The Product Goal helps the Product Owner move beyond being a mere order taker. Often, new Product Owners are just receivers of requirements. They’re told, “You just write down what stakeholders tell you. Your contribution is ordering the list, but we’re going to get all the stuff stakeholders ask for”. Those Product Owners are just proxies or scribes.

What’s better is when Product Owners can move away from that receiver of requirements stance and instead create a stance where they are initiating requirements. Where they are a true representative of what’s good for the business and what’s good for the product. Here’s how this product will help the business. When someone asks for a new feature, the Product Goal helps a Product Owner take a stand: That aligns with the Product Goal or it doesn’t, and here’s why. This helps Product Owners move toward an entrepreneurial stance which helps in creating good, valuable products.

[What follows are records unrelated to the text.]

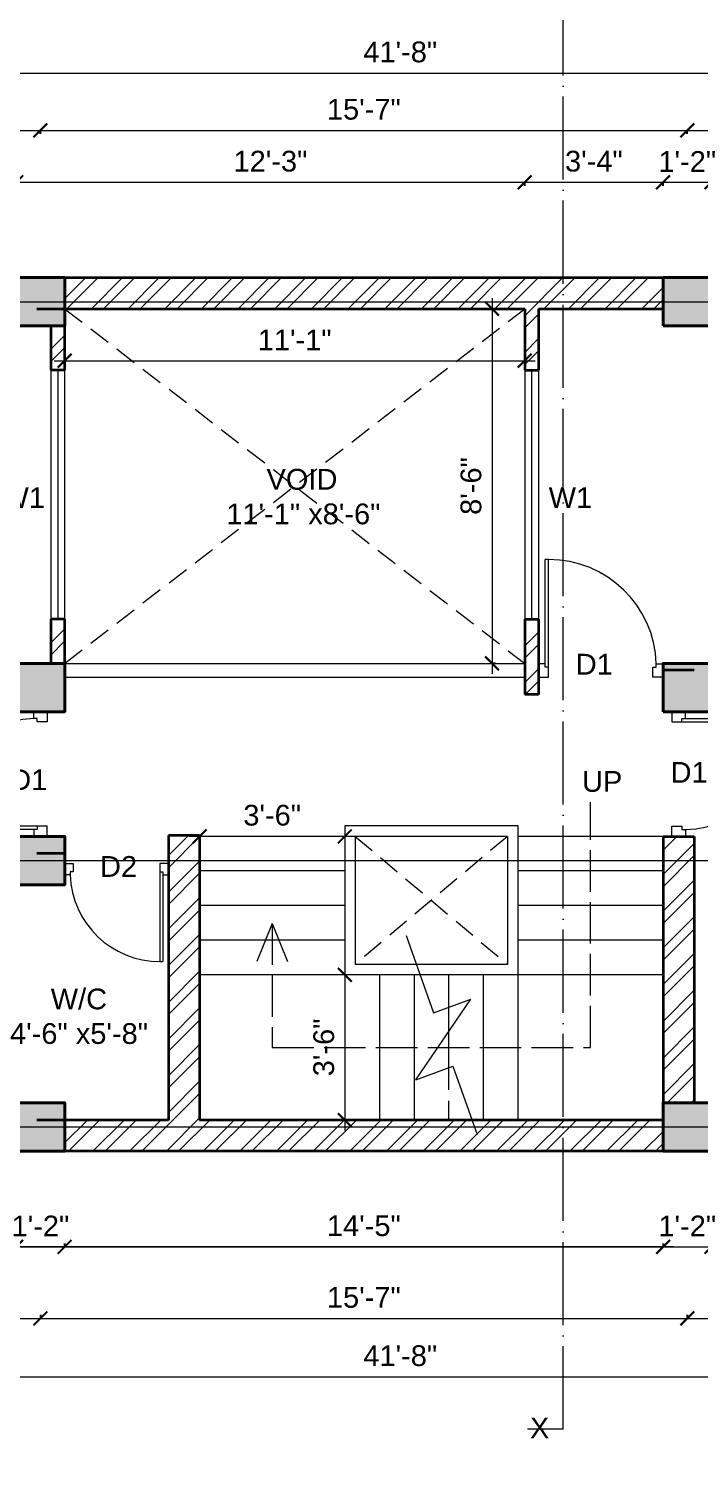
# Model space of a CAD drawing. Header units: inches. Extents: x 122663 to 154153, y 34228 to 39758.
# Drawn here: x 130749.9 to 130943.8, y 37755.1 to 38168.9 of the extents above; entities that cross this region are included whole.
import ezdxf

# ---------------------------------------------------------------- set-up
doc = ezdxf.new("R2010")
doc.units = ezdxf.units.IN
doc.header["$MEASUREMENT"] = 0
doc.header["$PDMODE"] = 35
for name, pattern in [('ACAD_ISO02W100', [15, 12, -3]), ('ACAD_ISO04W100', [30, 24, -3, 0, -3]), ('DASHED', [19.05, 12.7, -6.35])]:
    doc.linetypes.add(name, pattern=pattern)
for name, color, linetype, lineweight in [('Column', 181, 'Continuous', 40), ('Dimension', 130, 'Continuous', 9), ('Hatch', 9, 'Continuous', 9), ('Hidden', 254, 'ACAD_ISO02W100', 15), ('SECTION', 7, 'ACAD_ISO04W100', 18), ('SITE BOUNDARY', 1, 'Continuous', 30), ('Stairs', 61, 'Continuous', 18), ('TEXT', 255, 'Continuous', 35), ('Walls', 11, 'Continuous', 35), ('Windows', 151, 'Continuous', 15)]:
    doc.layers.add(name, color=color, linetype=linetype, lineweight=lineweight)
doc.styles.get("Standard").update_dxf_attribs({"font": 'arial.ttf'})
doc.dimstyles.get("Standard").update_dxf_attribs({"dimtxt": 6, "dimasz": 4, "dimexe": 0, "dimexo": 6, "dimgap": 3, "dimtad": 1, "dimdec": 0, "dimzin": 0, "dimdsep": 46, "dimlunit": 4, "dimtxsty": 'Standard', "dimblk": 'ARCHTICK', "dimcen": 0.09, "dimdle": 3, "dimclrd": 256, "dimadec": 0, "dimazin": 0, "dimtfac": 1, "dimtdec": 0, "dimtofl": 0, "dimtmove": 0, "dimatfit": 3, "dimfxl": 1, "dimfxlon": 1, "dimtolj": 1, "dimtzin": 0, "dimlwd": -1, "dimarcsym": 0})
pattern_1 = [(45, (8020.12, -708.714), (-5.30330086, 5.30330086), []), (45, (8023.6555, -708.714), (-5.30330086, 5.30330086), [])]

# ---------------------------------------------------------------- blocks, each defined once
blk = doc.blocks.new('colm')
at = {"layer": 'Hatch'}
h = blk.add_hatch(color=256, dxfattribs=at)
h.dxf.hatch_style = 1
h.paths.add_polyline_path([(66705.71, 8319.73), (66705.71, 8307.73), (66717.71, 8307.73), (66717.71, 8319.73)])
at = {"layer": 'Column'}
blk.add_lwpolyline([(66705.71, 8307.73), (66717.71, 8307.73), (66717.71, 8319.73), (66705.71, 8319.73)], close=True, dxfattribs=at)
blk = doc.blocks.new('GFFGS')
at = {"layer": 'Windows'}
for p, q in [((97915.22, 19628.63), (97915.22, 19658.74)), ((97916.19, 19658.74), (97915.22, 19658.74)), ((97916.19, 19627.65), (97916.19, 19658.77)), ((97915.22, 19628.63), (97913.27, 19628.63)), ((97913.27, 19628.63), (97913.27, 19624.73)), ((97915.22, 19627.65), (97915.22, 19628.63)), ((97916.19, 19627.65), (97915.22, 19627.65)), ((97916.19, 19624.73), (97916.19, 19627.65)), ((97946.35, 19624.73), (97946.35, 19627.65)), ((97946.35, 19627.65), (97947.32, 19627.65)), ((97947.32, 19627.65), (97947.32, 19628.63)), ((97947.32, 19628.63), (97949.27, 19628.63)), ((97949.27, 19628.63), (97949.27, 19624.73)), ((97913.27, 19624.73), (97916.19, 19624.73)), ((97949.27, 19624.73), (97946.35, 19624.73))]:
    blk.add_line(p, q, dxfattribs=at)
blk.add_arc((97916.25, 19627.66), 31.08, 1.7801, 90.1235, dxfattribs=at)
blk = doc.blocks.new('_ArchTick')
at = {"color": 0, "linetype": 'ByBlock', "const_width": 0.15}
blk.add_lwpolyline([(-0.5, -0.5), (0.5, 0.5)], dxfattribs=at)
blk = doc.blocks.new('*D389')
at = {"layer": 'Defpoints', "color": 0, "transparency": 16777216}
for p in [(130947.34, 38124.52), (130933.34, 38096.99), (130947.34, 38096.99)]:
    blk.add_point(p, dxfattribs=at)
at = {"layer": 'Dimension', "transparency": 16777216}
blk.add_line((130930.34, 38124.52), (130950.34, 38124.52), dxfattribs=at)
at = {"layer": 'Dimension', "color": 0, "lineweight": -2, "transparency": 16777216}
for p, q in [((130933.34, 38123.52), (130933.34, 38124.52)), ((130947.34, 38123.52), (130947.34, 38124.52))]:
    blk.add_line(p, q, dxfattribs=at)
at = {"layer": 'Dimension', "transparency": 16777216, "xscale": 4, "yscale": 4, "zscale": 4, "rotation": 180}
blk.add_blockref('_ArchTick', (130933.34, 38124.52), dxfattribs=at)
at = {"layer": 'Dimension', "transparency": 16777216, "xscale": 4, "yscale": 4, "zscale": 4}
blk.add_blockref('_ArchTick', (130947.34, 38124.52), dxfattribs=at)
at = {"layer": 'Dimension', "color": 0, "lineweight": -2, "transparency": 16777216, "insert": (130940.34, 38130.53), "char_height": 6, "attachment_point": 5}
blk.add_mtext('\\A1;1\'-2"', dxfattribs=at)
blk = doc.blocks.new('*D391')
at = {"layer": 'Defpoints', "color": 0, "transparency": 16777216}
for p in [(130753.34, 38139.54), (130614.52, 38096.99), (130753.34, 38096.99)]:
    blk.add_point(p, dxfattribs=at)
at = {"layer": 'Dimension', "transparency": 16777216}
blk.add_line((130611.52, 38139.54), (130756.34, 38139.54), dxfattribs=at)
at = {"layer": 'Dimension', "color": 0, "lineweight": -2, "transparency": 16777216}
for p, q in [((130614.52, 38138.54), (130614.52, 38139.54)), ((130753.34, 38138.54), (130753.34, 38139.54))]:
    blk.add_line(p, q, dxfattribs=at)
at = {"layer": 'Dimension', "transparency": 16777216, "xscale": 4, "yscale": 4, "zscale": 4, "rotation": 180}
blk.add_blockref('_ArchTick', (130614.52, 38139.54), dxfattribs=at)
at = {"layer": 'Dimension', "transparency": 16777216, "xscale": 4, "yscale": 4, "zscale": 4}
blk.add_blockref('_ArchTick', (130753.34, 38139.54), dxfattribs=at)
at = {"layer": 'Dimension', "color": 0, "lineweight": -2, "transparency": 16777216, "insert": (130683.93, 38145.55), "char_height": 6, "attachment_point": 5}
blk.add_mtext('\\A1;11\'-7"', dxfattribs=at)
blk = doc.blocks.new('*D392')
at = {"layer": 'Defpoints', "color": 0, "transparency": 16777216}
for p in [(130940.34, 38139.54), (130753.34, 38096.99), (130940.34, 38096.99)]:
    blk.add_point(p, dxfattribs=at)
at = {"layer": 'Dimension', "transparency": 16777216}
blk.add_line((130750.34, 38139.54), (130943.34, 38139.54), dxfattribs=at)
at = {"layer": 'Dimension', "color": 0, "lineweight": -2, "transparency": 16777216}
for p, q in [((130753.34, 38138.54), (130753.34, 38139.54)), ((130940.34, 38138.54), (130940.34, 38139.54))]:
    blk.add_line(p, q, dxfattribs=at)
at = {"layer": 'Dimension', "transparency": 16777216, "xscale": 4, "yscale": 4, "zscale": 4, "rotation": 180}
blk.add_blockref('_ArchTick', (130753.34, 38139.54), dxfattribs=at)
at = {"layer": 'Dimension', "transparency": 16777216, "xscale": 4, "yscale": 4, "zscale": 4}
blk.add_blockref('_ArchTick', (130940.34, 38139.54), dxfattribs=at)
at = {"layer": 'Dimension', "color": 0, "lineweight": -2, "transparency": 16777216, "insert": (130846.84, 38145.6), "char_height": 6, "attachment_point": 5}
blk.add_mtext('\\A1;15\'-7"', dxfattribs=at)
blk = doc.blocks.new('*D393')
at = {"layer": 'Defpoints', "color": 0, "transparency": 16777216}
for p in [(131100.21, 38139.54), (130940.34, 38096.99), (131100.21, 38096.99)]:
    blk.add_point(p, dxfattribs=at)
at = {"layer": 'Dimension', "transparency": 16777216}
blk.add_line((130937.34, 38139.54), (131103.21, 38139.54), dxfattribs=at)
at = {"layer": 'Dimension', "color": 0, "lineweight": -2, "transparency": 16777216}
for p, q in [((130940.34, 38138.54), (130940.34, 38139.54)), ((131100.21, 38138.54), (131100.21, 38139.54))]:
    blk.add_line(p, q, dxfattribs=at)
at = {"layer": 'Dimension', "transparency": 16777216, "xscale": 4, "yscale": 4, "zscale": 4, "rotation": 180}
blk.add_blockref('_ArchTick', (130940.34, 38139.54), dxfattribs=at)
at = {"layer": 'Dimension', "transparency": 16777216, "xscale": 4, "yscale": 4, "zscale": 4}
blk.add_blockref('_ArchTick', (131100.21, 38139.54), dxfattribs=at)
at = {"layer": 'Dimension', "color": 0, "lineweight": -2, "transparency": 16777216, "insert": (131020.28, 38145.6), "char_height": 6, "attachment_point": 5}
blk.add_mtext('\\A1;13\'-4"', dxfattribs=at)
blk = doc.blocks.new('*D308')
at = {"layer": 'Defpoints', "color": 0, "transparency": 16777216}
for p in [(131107.21, 38156.11), (130607.52, 38096.99), (131107.21, 38096.99)]:
    blk.add_point(p, dxfattribs=at)
at = {"layer": 'Dimension', "transparency": 16777216}
blk.add_line((130604.52, 38156.11), (131110.21, 38156.11), dxfattribs=at)
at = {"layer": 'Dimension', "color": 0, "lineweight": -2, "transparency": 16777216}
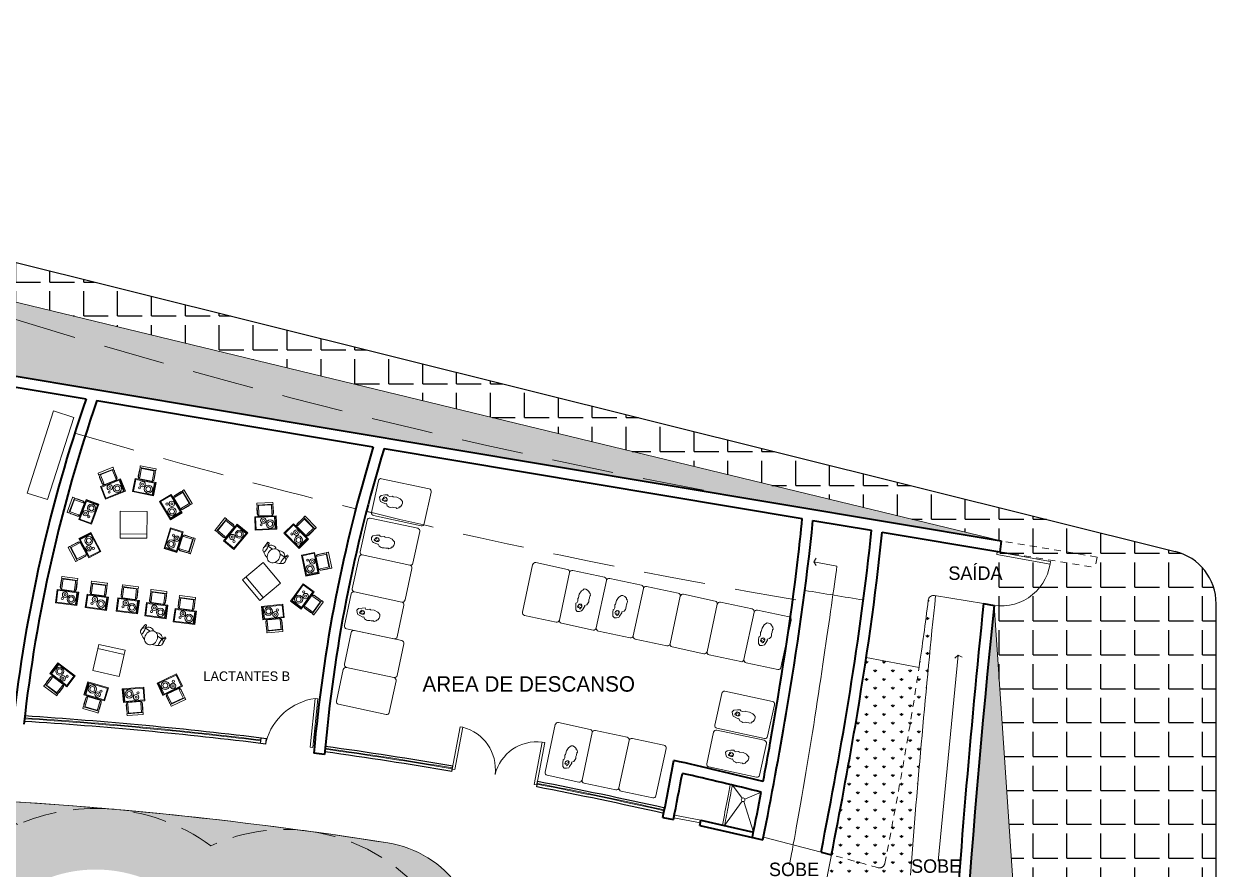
# Model space of a CAD drawing. Header units: millimetres. Extents: x 280 to 436, y 197 to 245.
# Drawn here: x 411.79 to 433.9, y 227.51 to 243.19 of the extents above; entities that cross this region are included whole.
import ezdxf

# ---------------------------------------------------------------- set-up
doc = ezdxf.new("R2010")
doc.units = ezdxf.units.MM
doc.header["$MEASUREMENT"] = 0
doc.linetypes.add('DASHED', pattern=[19.049999999999997, 12.7, -6.35])
for name, color, linetype, lineweight in [('AMBIENTACION', 23, 'Continuous', 18), ('CRISTAL', 141, 'Continuous', 13), ('DELGADITS', 171, 'Continuous', 9), ('JARDINERAS', 114, 'Continuous', 20), ('MUEBLES', 31, 'Continuous', 20), ('MURO CANCELERIA', 254, 'Continuous', 25), ('MUROS', 230, 'Continuous', 40), ('NOTAS', 7, 'Continuous', 18), ('PISO', 134, 'Continuous', 18), ('PROYECCIONES', 161, 'DASHED', 20), ('PUERTAS', 180, 'Continuous', 18)]:
    doc.layers.add(name, color=color, linetype=linetype, lineweight=lineweight)
doc.layers.add('PISO BANQUETA', color=155, linetype='Continuous')
pattern_1 = [(0, (113.6635828855071, 389.9024706518978), (0, 0.62865), [0.4572, -0.17145]), (90, (113.6635828855071, 389.9024706518978), (-0.62865, 3.849243921652188e-17), [0.4572, -0.17145])]
pattern_2 = [(90, (113.6635828855071, 389.9024706518978), (-0.1616445, 0.1616445), [0.0428625, -0.2804265]), (45, (113.6635828855071, 389.9024706518978), (-0.1616446101792448, 0.1616446101792448), [0.0428625, -0.1857375]), (135, (113.6635828855071, 389.9024706518978), (-0.1616446101792448, -0.1616446101792448), [0.0428625, -0.1857375])]

# ---------------------------------------------------------------- blocks, each defined once
blk = doc.blocks.new('EDUCADORA PLANTA')
for p, q in [((-0.1864672289454461, 0.2091427851250387), (-0.1936270911326119, 0.1343951389722235)), ((-0.1864672289454461, 0.2091427851250387), (-0.1605135468888079, 0.2091427851250387)), ((-0.1605135468888079, 0.2091427851250387), (-0.1499999999975898, 0.1850000000000023)), ((-0.06763607746432854, 0.1850000000000307), (-0.1500000000000341, 0.1850000000000307)), ((0.1500000000000909, 0.1850000000000307), (0.06763607746432854, 0.1850000000000307)), ((0.1605135468927301, 0.2091427851250671), (0.150000000001512, 0.1850000000000307)), ((0.1864672289493683, 0.2091427851250671), (0.1605135468927301, 0.2091427851250671)), ((0.1864672289493683, 0.2091427851250671), (0.1936270911365341, 0.134395138972252))]:
    blk.add_line(p, q)
for centre, radius, start, end in [((-0.1360690919642593, 0.1288818236636189), 0.05782144856330422, 103.9414223532395, 256.0585776471128), ((-0.173490387917127, 0.2191794459255334), 0.01640527241768489, 322.2806059089859, 217.7193940910142), ((-0.07499999999930651, 0.1538370489080592), 0.0812165593983424, 50.44505131534515, 157.4368215115717), ((-0.3760620561862993, 0.1288818236609757), 0.2329233843179406, 346.0585776470556, 13.94142235294599), ((0.07500000000004547, 0.153837048905018), 0.08121655940112812, 22.56317848996431, 129.5549486836888), ((0.3760620561862993, 0.1288818236609472), 0.2329233843179406, 166.0585776470556, 193.941422352946), ((0.1360690919644298, 0.1288818236642157), 0.05782144856330422, 283.9414223532394, 76.05857764711287), ((0.1734903879210492, 0.2191794459255618), 0.01640527241768489, 322.2806059089859, 217.7193940910142), ((-5.684341886080801e-14, 0.2878236122147086), 0.2622037156432949, 235.1050018533677, 255.1658892739469), ((-5.684341886080801e-14, 0.2878236122147086), 0.2622037156432949, 284.8341107260804, 304.8949981466323)]:
    blk.add_arc(centre, radius, start, end)
blk.add_ellipse((0, 0.1100000000000136), major_axis=(0, 0.1100000000000136), ratio=0.8405402725447844)
blk = doc.blocks.new('PERIQUERA')
at = {"color": 0}
for p, q in [((-0.2000000000000455, 0.5), (-0.2000000000000455, 0.25)), ((0.1999999999999318, 0.5), (-0.2000000000000455, 0.5)), ((-0.1850000000000591, 0.5), (-0.1850000000000591, 0.25)), ((0.1849999999999454, 0.4850000000000136), (-0.1700000000001864, 0.4850000000000136)), ((-0.1700000000001296, 0.4850000000000136), (-0.1700000000000728, 0.2649999999999864)), ((0.1849999999999454, 0.2649999999999864), (0.1849999999999454, 0.4850000000000136)), ((0.1999999999999318, 0.25), (0.1999999999999318, 0.5)), ((-0.2000000000000455, 0.25), (0.1999999999999318, 0.25)), ((-0.1700000000001296, 0.2650000000000148), (0.1849999999999454, 0.2649999999999864)), ((0.1499999999999773, 0.25), (-0.1500000000000341, 0.25)), ((-0.1300000000001091, 0.2346410161513859), (-0.1300000000000523, 0.25)), ((-0.1100000000000705, 0.2400000000000091), (-0.1100000000000705, 0.25)), ((-0.1100000000000705, 0.2400000000000091), (0.1099999999999568, 0.2400000000000091)), ((0.1099999999999568, 0.2400000000000091), (0.1099999999999568, 0.25)), ((0.1299999999999386, 0.2346410161514143), (0.1299999999999386, 0.25)), ((-0.1500000000000909, 0.2000000000000171), (-0.1500000000001478, 0.08499999999992269)), ((-0.1500000000000341, 0.03000000000000114), (-0.1500000000000341, 0.005000000000023874)), ((-0.1450000000000387, 0.2150000000000034), (-0.1450000000000387, 0.03499999999999659)), ((-0.1450000000000387, 0.03499999999999659), (0.1449999999999818, 0.03499999999999659)), ((-0.1450000000000387, 2.842170943040401e-14), (0.1449999999999818, 0)), ((-0.1250000000000568, 0.2199999999999989), (-0.1400000000000432, 0.2199999999999989)), ((-0.1200000000000614, 0.2150000000000034), (-0.1200000000000614, 0.03499999999999659)), ((-0.1100000000001273, 0.04499999999995907), (0.1100000000000136, 0.04499999999998749)), ((0.1200000000000045, 0.03499999999999659), (0.1200000000000614, 0.2150000000000034)), ((0.1399999999999295, 0.2199999999999989), (0.1250000000000568, 0.2199999999999989)), ((0.1449999999999818, 0.03499999999999659), (0.144999999999925, 0.2150000000000034)), ((0.1500000000000341, 0.08499999999997954), (0.1499999999999773, 0.2000000000000171)), ((0.1499999999999773, 0.004999999999995453), (0.1499999999999773, 0.03000000000000114))]:
    blk.add_line(p, q, dxfattribs=at)
for centre, radius in [((-0.07990454211699216, 0.3971854476674253), 0.07500000000000001), ((-0.07990454211699216, 0.3971854476674253), 0.04624682952407966), ((0.04342149039030119, 0.3278683052004681), 0.05), ((0.04342149039030119, 0.3278683052004681), 0.02), ((0.08581470589820128, 0.4048867460979864), 0.02)]:
    blk.add_circle(centre, radius, dxfattribs=at)
for centre, radius, start, end in [((-0.1100000000000705, 0.2000000000000171), 0.04, 90, 180), ((0.1099999999999568, 0.2000000000000171), 0.04, 0, 90), ((-0.1100000000001273, 0.08499999999995111), 0.04, 180.0000000000212, 208.9550243721683), ((-0.1450000000000387, 0.03000000000000114), 0.005, 90, 180), ((-0.1450000000000387, 0.005000000000023874), 0.005, 180, 270), ((-0.1400000000000432, 0.2150000000000034), 0.005, 90, 180.0000000000179), ((-0.1250000000000568, 0.2150000000000034), 0.005, 0, 90), ((-0.1100000000001273, 0.08499999999995111), 0.04, 255.5224878141709, 270), ((0.1100000000000136, 0.08499999999997954), 0.04, 270, 284.4775121859196), ((0.1250000000000568, 0.2150000000000034), 0.005, 90, 180), ((0.1399999999999295, 0.2150000000000034), 0.005, 1.791288396600253e-11, 90), ((0.1100000000000136, 0.08499999999997954), 0.04, 331.0449756280854, 0), ((0.1449999999999818, 0.03000000000000114), 0.005, 0, 90), ((0.1449999999999818, 0.004999999999995453), 0.005, 269.9999999999935, 0)]:
    blk.add_arc(centre, radius, start, end, dxfattribs=at)
blk = doc.blocks.new('BABY')
for points in [[(-0.1389398423665398, 0.2417542320325197), (-0.1458374730864875, 0.2013973635155537), (-0.1458374730864875, 0.1793674234929767), (-0.1267973390973793, 0.1438809851297265), (-0.1221310535297562, 0.1157527944280901), (-0.1084332007865214, 0.07384740485477437), (-0.1132135550455473, 0.05852825295571051), (-0.08859029492447235, 0.02922919934425749), (-0.06922379716127125, 0.02528640203939858)], [(0.02905627743416517, 0.364877935453876), (-0.005493112465444483, 0.4236907557132099), (-0.04400379787364272, 0.4390582707411568), (-0.08128250944503179, 0.4185904256859203), (-0.1121884593815707, 0.390678666376175), (-0.1145817795268727, 0.364135212861072), (-0.1195364994490546, 0.2874477922251231), (-0.1081217906855727, 0.2739412715399681), (-0.1389398423665398, 0.2417542320325197)], [(-0.07936353134010687, 0.3506589881666287), (-0.05961048231455379, 0.3478494768496034), (-0.0738851957127622, 0.3388908261787833), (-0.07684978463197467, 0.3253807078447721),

Getting More out of Using Scrum

So, if you want to get more value out of using Scrum, make sure you have a strong Product Goal. Empower Product Owners and the Scrum Teams of which they are a critical part, to focus on realizing that goal.

Next up, we’ll talk about how the new emphasis on the Sprint Goal as a commitment in the Sprint Backlog changes our approach to Sprint Planning. Meanwhile, I’d love to hear what you think. If you have a question or a comment, please email us at podcast@agilethought.com.

Want to Learn More or Get in Touch?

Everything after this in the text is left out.